DEARBORN — A young Syrian refugee girl had no idea when she was selling gum on the streets of Beirut, but the cryptic expression of fear and confidence on her face would become part of a visual story of struggle that aims to connect everyone with a story to tell.
Mayssa Fakih, a 17-year-old art student at Mercy High School, an all-girls private, Catholic school in Farmington Hills, took the girl’s photo from a taxi during an annual summer family trip to Lebanon. When the girl, with her family looking on in the background, approached the cab, Fakih knew she would be the face of her art project, an eight-piece portfolio she submitted to the Scholastic Art and Writing Awards, in which she won a Regional Gold Key.
Painting brings certain emotions to life. You can incorporate different colors and use different techniques to bring out a creative side and give a bigger mouth.

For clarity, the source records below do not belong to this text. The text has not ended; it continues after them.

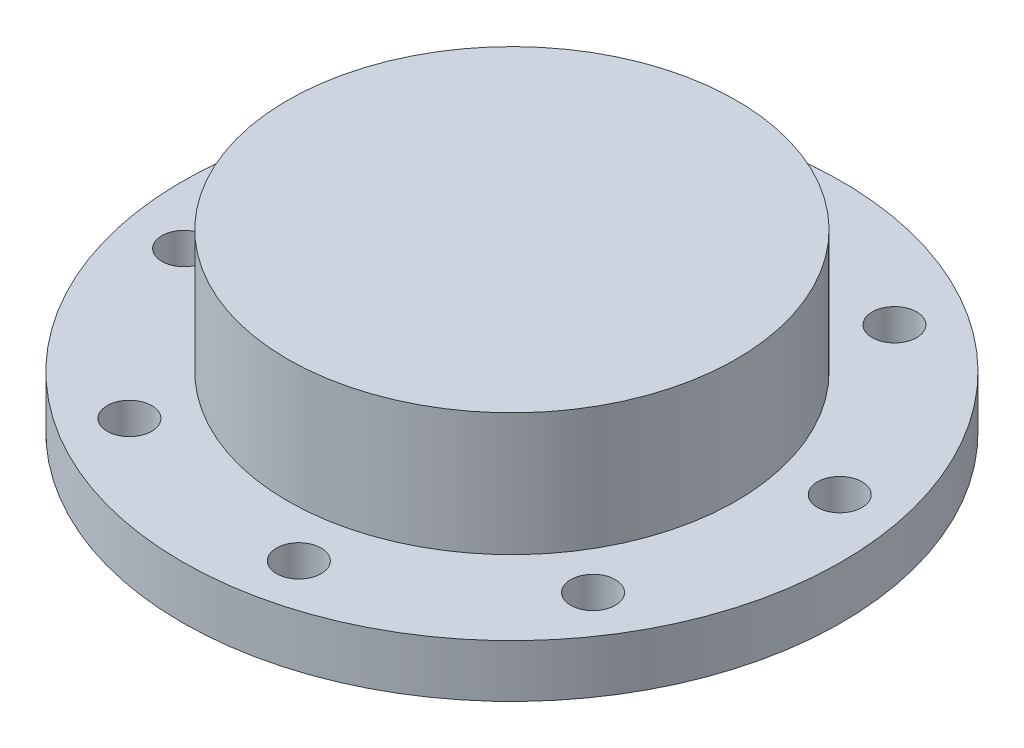
ISO-10303-21;
HEADER;
FILE_DESCRIPTION(('STEP AP214'),'2;1');
FILE_NAME('part.step','',(''),(''),'','','');
FILE_SCHEMA(('AUTOMOTIVE_DESIGN { 1 0 10303 214 1 1 1 1 }'));
ENDSEC;
DATA;
#1=APPLICATION_CONTEXT('core data for automotive mechanical design processes');
#2=APPLICATION_PROTOCOL_DEFINITION('international standard','automotive_design',2000,#1);
#3=PRODUCT_CONTEXT('',#1,'mechanical');
#4=PRODUCT('Part','Part','',(#3));
#5=PRODUCT_RELATED_PRODUCT_CATEGORY('part','',(#4));
#6=PRODUCT_DEFINITION_FORMATION('','',#4);
#7=PRODUCT_DEFINITION_CONTEXT('part definition',#1,'design');
#8=PRODUCT_DEFINITION('design','',#6,#7);
#9=PRODUCT_DEFINITION_SHAPE('','',#8);
#10=(LENGTH_UNIT() NAMED_UNIT(*) SI_UNIT(.MILLI.,.METRE.));
#11=(NAMED_UNIT(*) PLANE_ANGLE_UNIT() SI_UNIT($,.RADIAN.));
#12=(NAMED_UNIT(*) SI_UNIT($,.STERADIAN.) SOLID_ANGLE_UNIT());
#13=UNCERTAINTY_MEASURE_WITH_UNIT(LENGTH_MEASURE(1.E-05),#10,'distance_accuracy_value','');
#14=(GEOMETRIC_REPRESENTATION_CONTEXT(3) GLOBAL_UNCERTAINTY_ASSIGNED_CONTEXT((#13)) GLOBAL_UNIT_ASSIGNED_CONTEXT((#10,
#11,#12)) REPRESENTATION_CONTEXT('',''));
#15=CARTESIAN_POINT('',(0.,0.,0.));
#16=DIRECTION('',(0.,0.,1.));
#17=DIRECTION('',(1.,0.,0.));
#18=AXIS2_PLACEMENT_3D('',#15,#16,#17);
#19=CARTESIAN_POINT('',(0.,-212.944683547694,0.));
#20=DIRECTION('',(0.,1.,0.));
#21=DIRECTION('',(0.,0.,1.));
#22=AXIS2_PLACEMENT_3D('',#19,#20,#21);
#23=PLANE('',#22);
#24=CARTESIAN_POINT('',(-0.00553212594952037,-212.944683547694,0.));
#25=DIRECTION('',(0.,1.,0.));
#26=DIRECTION('',(0.,0.,1.));
#27=AXIS2_PLACEMENT_3D('',#24,#25,#26);
#28=CIRCLE('',#27,63.8870597874158);
#29=CARTESIAN_POINT('',(-0.00553212594952037,-212.944683547694,63.8870597874158));
#30=VERTEX_POINT('',#29);
#31=EDGE_CURVE('E40',#30,#30,#28,.T.);
#32=ORIENTED_EDGE('',*,*,#31,.T.);
#33=EDGE_LOOP('',(#32));
#34=FACE_BOUND('',#33,.T.);
#35=ADVANCED_FACE('F36',(#34),#23,.T.);
#36=CARTESIAN_POINT('',(-0.00553212594954357,165.815985113531,0.));
#37=DIRECTION('',(0.,1.,0.));
#38=DIRECTION('',(-1.,0.,0.));
#39=AXIS2_PLACEMENT_3D('',#36,#37,#38);
#40=CYLINDRICAL_SURFACE('',#39,63.8870597874158);
#41=CARTESIAN_POINT('',(-0.00553212594951823,-247.944683547694,0.));
#42=DIRECTION('',(0.,1.,0.));
#43=DIRECTION('',(0.,0.,1.));
#44=AXIS2_PLACEMENT_3D('',#41,#42,#43);
#45=CIRCLE('',#44,63.8870597874158);
#46=CARTESIAN_POINT('',(-0.00553212594951823,-247.944683547694,63.8870597874158));
#47=VERTEX_POINT('',#46);
#48=EDGE_CURVE('E10',#47,#47,#45,.T.);
#49=ORIENTED_EDGE('',*,*,#48,.T.);
#50=EDGE_LOOP('',(#49));
#51=FACE_BOUND('',#50,.T.);
#52=ORIENTED_EDGE('',*,*,#31,.F.);
#53=EDGE_LOOP('',(#52));
#54=FACE_BOUND('',#53,.T.);
#55=ADVANCED_FACE('F38',(#51,#54),#40,.T.);
#56=CARTESIAN_POINT('',(0.,-262.944683547694,0.));
#57=DIRECTION('',(0.,1.,0.));
#58=DIRECTION('',(0.,0.,1.));
#59=AXIS2_PLACEMENT_3D('',#56,#57,#58);
#60=PLANE('',#59);
#61=CARTESIAN_POINT('',(0.,-262.944683547694,0.));
#62=DIRECTION('',(0.,-1.,0.));
#63=DIRECTION('',(0.,0.,-1.));
#64=AXIS2_PLACEMENT_3D('',#61,#62,#63);
#65=CIRCLE('',#64,56.895);
#66=CARTESIAN_POINT('',(0.,-262.944683547694,-56.895));
#67=VERTEX_POINT('',#66);
#68=EDGE_CURVE('E120',#67,#67,#65,.T.);
#69=ORIENTED_EDGE('',*,*,#68,.F.);
#70=EDGE_LOOP('',(#69));
#71=FACE_BOUND('',#70,.T.);
#72=CARTESIAN_POINT('',(-77.0486836093335,-262.944683547694,16.3377712930384));
#73=DIRECTION('',(0.,-1.,0.));
#74=DIRECTION('',(0.,0.,-1.));
#75=AXIS2_PLACEMENT_3D('',#72,#73,#74);
#76=CIRCLE('',#75,6.34999999999999);
#77=CARTESIAN_POINT('',(-77.0486836093335,-262.944683547694,9.98777129303844));
#78=VERTEX_POINT('',#77);
#79=EDGE_CURVE('E116',#78,#78,#76,.T.);
#80=ORIENTED_EDGE('',*,*,#79,.F.);
#81=EDGE_LOOP('',(#80));
#82=FACE_BOUND('',#81,.T.);
#83=CARTESIAN_POINT('',(-16.3377712930382,-262.944683547694,-77.0486836093336));
#84=DIRECTION('',(0.,-1.,0.));
#85=DIRECTION('',(0.,0.,-1.));
#86=AXIS2_PLACEMENT_3D('',#83,#84,#85);
#87=CIRCLE('',#86,6.35);
#88=CARTESIAN_POINT('',(-16.3377712930382,-262.944683547694,-83.3986836093336));
#89=VERTEX_POINT('',#88);
#90=EDGE_CURVE('E100',#89,#89,#87,.T.);
#91=ORIENTED_EDGE('',*,*,#90,.F.);
#92=EDGE_LOOP('',(#91));
#93=FACE_BOUND('',#92,.T.);
#94=CARTESIAN_POINT('',(77.0486836093336,-262.944683547694,-16.3377712930379));
#95=DIRECTION('',(0.,-1.,0.));
#96=DIRECTION('',(0.,0.,-1.));
#97=AXIS2_PLACEMENT_3D('',#94,#95,#96);
#98=CIRCLE('',#97,6.34999999999999);
#99=CARTESIAN_POINT('',(77.0486836093336,-262.944683547694,-22.6877712930379));
#100=VERTEX_POINT('',#99);
#101=EDGE_CURVE('E84',#100,#100,#98,.T.);
#102=ORIENTED_EDGE('',*,*,#101,.F.);
#103=EDGE_LOOP('',(#102));
#104=FACE_BOUND('',#103,.T.);
#105=CARTESIAN_POINT('',(16.3377712930376,-262.944683547694,77.0486836093337));
#106=DIRECTION('',(0.,-1.,0.));
#107=DIRECTION('',(0.,0.,-1.));
#108=AXIS2_PLACEMENT_3D('',#105,#106,#107);
#109=CIRCLE('',#108,6.35);
#110=CARTESIAN_POINT('',(16.3377712930376,-262.944683547694,70.6986836093337));
#111=VERTEX_POINT('',#110);
#112=EDGE_CURVE('E68',#111,#111,#109,.T.);
#113=ORIENTED_EDGE('',*,*,#112,.F.);
#114=EDGE_LOOP('',(#113));
#115=FACE_BOUND('',#114,.T.);
#116=CARTESIAN_POINT('',(-42.9290977908749,-262.944683547694,66.0341955324384));
#117=DIRECTION('',(0.,-1.,0.));
#118=DIRECTION('',(0.,0.,-1.));
#119=AXIS2_PLACEMENT_3D('',#116,#117,#118);
#120=CIRCLE('',#119,6.35);
#121=CARTESIAN_POINT('',(-42.9290977908749,-262.944683547694,59.6841955324384));
#122=VERTEX_POINT('',#121);
#123=EDGE_CURVE('E60',#122,#122,#120,.T.);
#124=ORIENTED_EDGE('',*,*,#123,.F.);
#125=EDGE_LOOP('',(#124));
#126=FACE_BOUND('',#125,.T.);
#127=CARTESIAN_POINT('',(0.,-262.944683547694,0.));
#128=DIRECTION('',(0.,1.,0.));
#129=DIRECTION('',(0.,0.,1.));
#130=AXIS2_PLACEMENT_3D('',#127,#128,#129);
#131=CIRCLE('',#130,93.8815276614418);
#132=CARTESIAN_POINT('',(0.,-262.944683547694,93.8815276614418));
#133=VERTEX_POINT('',#132);
#134=EDGE_CURVE('E50',#133,#133,#131,.T.);
#135=ORIENTED_EDGE('',*,*,#134,.F.);
#136=EDGE_LOOP('',(#135));
#137=FACE_BOUND('',#136,.T.);
#138=CARTESIAN_POINT('',(66.0341955324385,-262.944683547694,42.9290977908747));
#139=DIRECTION('',(0.,-1.,0.));
#140=DIRECTION('',(0.,0.,-1.));
#141=AXIS2_PLACEMENT_3D('',#138,#139,#140);
#142=CIRCLE('',#141,6.34999999999999);
#143=CARTESIAN_POINT('',(66.0341955324385,-262.944683547694,36.5790977908747));
#144=VERTEX_POINT('',#143);
#145=EDGE_CURVE('E76',#144,#144,#142,.T.);
#146=ORIENTED_EDGE('',*,*,#145,.F.);
#147=EDGE_LOOP('',(#146));
#148=FACE_BOUND('',#147,.T.);
#149=CARTESIAN_POINT('',(42.9290977908749,-262.944683547694,-66.0341955324384));
#150=DIRECTION('',(0.,-1.,0.));
#151=DIRECTION('',(0.,0.,-1.));
#152=AXIS2_PLACEMENT_3D('',#149,#150,#151);
#153=CIRCLE('',#152,6.35);
#154=CARTESIAN_POINT('',(42.9290977908749,-262.944683547694,-72.3841955324384));
#155=VERTEX_POINT('',#154);
#156=EDGE_CURVE('E92',#155,#155,#153,.T.);
#157=ORIENTED_EDGE('',*,*,#156,.F.);
#158=EDGE_LOOP('',(#157));
#159=FACE_BOUND('',#158,.T.);
#160=CARTESIAN_POINT('',(-66.0341955324388,-262.944683547694,-42.9290977908743));
#161=DIRECTION('',(0.,-1.,0.));
#162=DIRECTION('',(0.,0.,-1.));
#163=AXIS2_PLACEMENT_3D('',#160,#161,#162);
#164=CIRCLE('',#163,6.35);
#165=CARTESIAN_POINT('',(-66.0341955324388,-262.944683547694,-49.2790977908743));
#166=VERTEX_POINT('',#165);
#167=EDGE_CURVE('E108',#166,#166,#164,.T.);
#168=ORIENTED_EDGE('',*,*,#167,.F.);
#169=EDGE_LOOP('',(#168));
#170=FACE_BOUND('',#169,.T.);
#171=ADVANCED_FACE('F153',(#71,#82,#93,#104,#115,#126,#137,#148,#159,#170),#60,.F.);
#172=CARTESIAN_POINT('',(0.,-247.944683547694,0.));
#173=DIRECTION('',(0.,1.,0.));
#174=DIRECTION('',(0.,0.,1.));
#175=AXIS2_PLACEMENT_3D('',#172,#173,#174);
#176=PLANE('',#175);
#177=CARTESIAN_POINT('',(-77.0486836093335,-247.944683547694,16.3377712930384));
#178=DIRECTION('',(0.,1.,0.));
#179=DIRECTION('',(0.,0.,1.));
#180=AXIS2_PLACEMENT_3D('',#177,#178,#179);
#181=CIRCLE('',#180,6.34999999999998);
#182=CARTESIAN_POINT('',(-77.0486836093335,-247.944683547694,22.6877712930384));
#183=VERTEX_POINT('',#182);
#184=EDGE_CURVE('E112',#183,#183,#181,.T.);
#185=ORIENTED_EDGE('',*,*,#184,.F.);
#186=EDGE_LOOP('',(#185));
#187=FACE_BOUND('',#186,.T.);
#188=CARTESIAN_POINT('',(-66.0341955324388,-247.944683547694,-42.9290977908743));
#189=DIRECTION('',(0.,1.,0.));
#190=DIRECTION('',(0.,0.,1.));
#191=AXIS2_PLACEMENT_3D('',#188,#189,#190);
#192=CIRCLE('',#191,6.34999999999999);
#193=CARTESIAN_POINT('',(-66.0341955324388,-247.944683547694,-36.5790977908743));
#194=VERTEX_POINT('',#193);
#195=EDGE_CURVE('E104',#194,#194,#192,.T.);
#196=ORIENTED_EDGE('',*,*,#195,.F.);
#197=EDGE_LOOP('',(#196));
#198=FACE_BOUND('',#197,.T.);
#199=CARTESIAN_POINT('',(-16.3377712930382,-247.944683547694,-77.0486836093336));
#200=DIRECTION('',(0.,1.,0.));
#201=DIRECTION('',(0.,0.,1.));
#202=AXIS2_PLACEMENT_3D('',#199,#200,#201);
#203=CIRCLE('',#202,6.34999999999999);
#204=CARTESIAN_POINT('',(-16.3377712930382,-247.944683547694,-70.6986836093336));
#205=VERTEX_POINT('',#204);
#206=EDGE_CURVE('E96',#205,#205,#203,.T.);
#207=ORIENTED_EDGE('',*,*,#206,.F.);
#208=EDGE_LOOP('',(#207));
#209=FACE_BOUND('',#208,.T.);
#210=CARTESIAN_POINT('',(42.9290977908749,-247.944683547694,-66.0341955324384));
#211=DIRECTION('',(0.,1.,0.));
#212=DIRECTION('',(0.,0.,1.));
#213=AXIS2_PLACEMENT_3D('',#210,#211,#212);
#214=CIRCLE('',#213,6.34999999999999);
#215=CARTESIAN_POINT('',(42.9290977908749,-247.944683547694,-59.6841955324384));
#216=VERTEX_POINT('',#215);
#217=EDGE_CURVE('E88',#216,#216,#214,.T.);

A painting of that refugee girl over a canvas of newspaper clippings about the struggles of Syrian refugees in Michigan and around the world, now hangs at an exhibit with paintings by other students in her age group at the College for Creative Studies.
The portfolio project began as a class assignment, which had to have a theme, including flowers, animals, time or politics. But Fakih said the concept that interested her the most was sharing people’s struggles.
She said she originally was trying to capture the “magic” of the people in Lebanon – that even in trying times, they demonstrate determination, humility and compassion toward one another. But scouring Lebanon for interesting photos for her art project revealed more than she’d expected, as it underscored the plight of refugee from neighboring countries in the Middle East.
The project also bridges the gap between the struggles of refugees from Palestine and Syria and those in Western countries where Arabs are increasingly settling.
When Fakih was a student for a semester at Dearborn High School, she said she witnessed several Syrian refugee students suffering racial taunts, mainly from their Arab American classmates, for being outsiders.
A reaction to her message is harder to achieve without the unique brush strokes and techniques she incorporates into her paint.
That transpired in a painting she made after being approached by two young boys who were covered in dirt. They worked at a tire shop and begged for money on the streets to support their family.
In the piece based on the photo she took, the boys’ disheveled appearance was apparent, but the entire painting revealed a deeper story.
The symbolism is in the details like a painting’s color profile; darker shades for a dirty face and colors in their clothing that pop, illustrate a contrast between dark circumstances and a brighter future to come.
Fakih said she was originally mostly interested in oil painting, but her teacher suggested she start using a medium that could easily switch from looking like water-color paint to an oil-based paint, depending on the amount of water mixed with it. That’s how she paints most of her pieces now.
She also said she’s interested in photography, but she likes using brush strokes and finds more of an emotional connection to paintings.
“I always thought that paintings speak louder than photos,” she said. “Painting brings certain emotions to life. It might not be as detailed, but you can incorporate different colors and use different techniques to bring out a creative side and give a bigger mouth.”
In one painting, for example, Fakih tweaked the composition of a photo and left out some design features so that the focus is on the subjects’ facial expressions.
“People do say that they look more emotional in my painting than they do in an actual photo,” she said.
Fakih said she wanted her approach to be organic, so she stayed away from taking posed photos. She would capture a shot before approaching her subjects to speak to them and find out more about their personal stories.
However, her portfolio didn’t only feature the struggles of refugees. With a broader stoke, she also depicted the humanity of people overcoming hardships.
One piece Fakih submitted, for example, portrays Juliana, a girl with Down Syndrome whom her sister mentors at special needs school program. She said her sister talked a lot about Juliana and that she felt an instant connection with her when she met her.
She also showed the pressure many African Americans face with conforming to White hair beauty standards with a painting of a Black friend stretching out her hair with a straightener to the side.
Fakih called her style abstract-realism, a hybrid approach that make her painting look realistic enough to feel a human connection to a subject, but abstract enough to leave room for creativity.
Art began as something she did for fun, she said.
She said that when she was as young as 3-years-old, her parents would notice that she’d make drawings of anything she could, using objects from around the house. She had a box filled with drawings she’d make.
But now, she said she sees art as a platform to spread a message and hopes to one day make it a career.
Fakih said he chose to highlight struggle in her project because it’s topic with a message that could easily be shared though paintings.
“You can find truth in struggle,” she said. “If you put a picture in front of [people] and you’re not making statements or claiming things, it’s harder for them to become defensive.”
Fakih said she hopes to find the subjects she featured in her works during her next visit to Lebanon and give them copies of the paintings she made of them.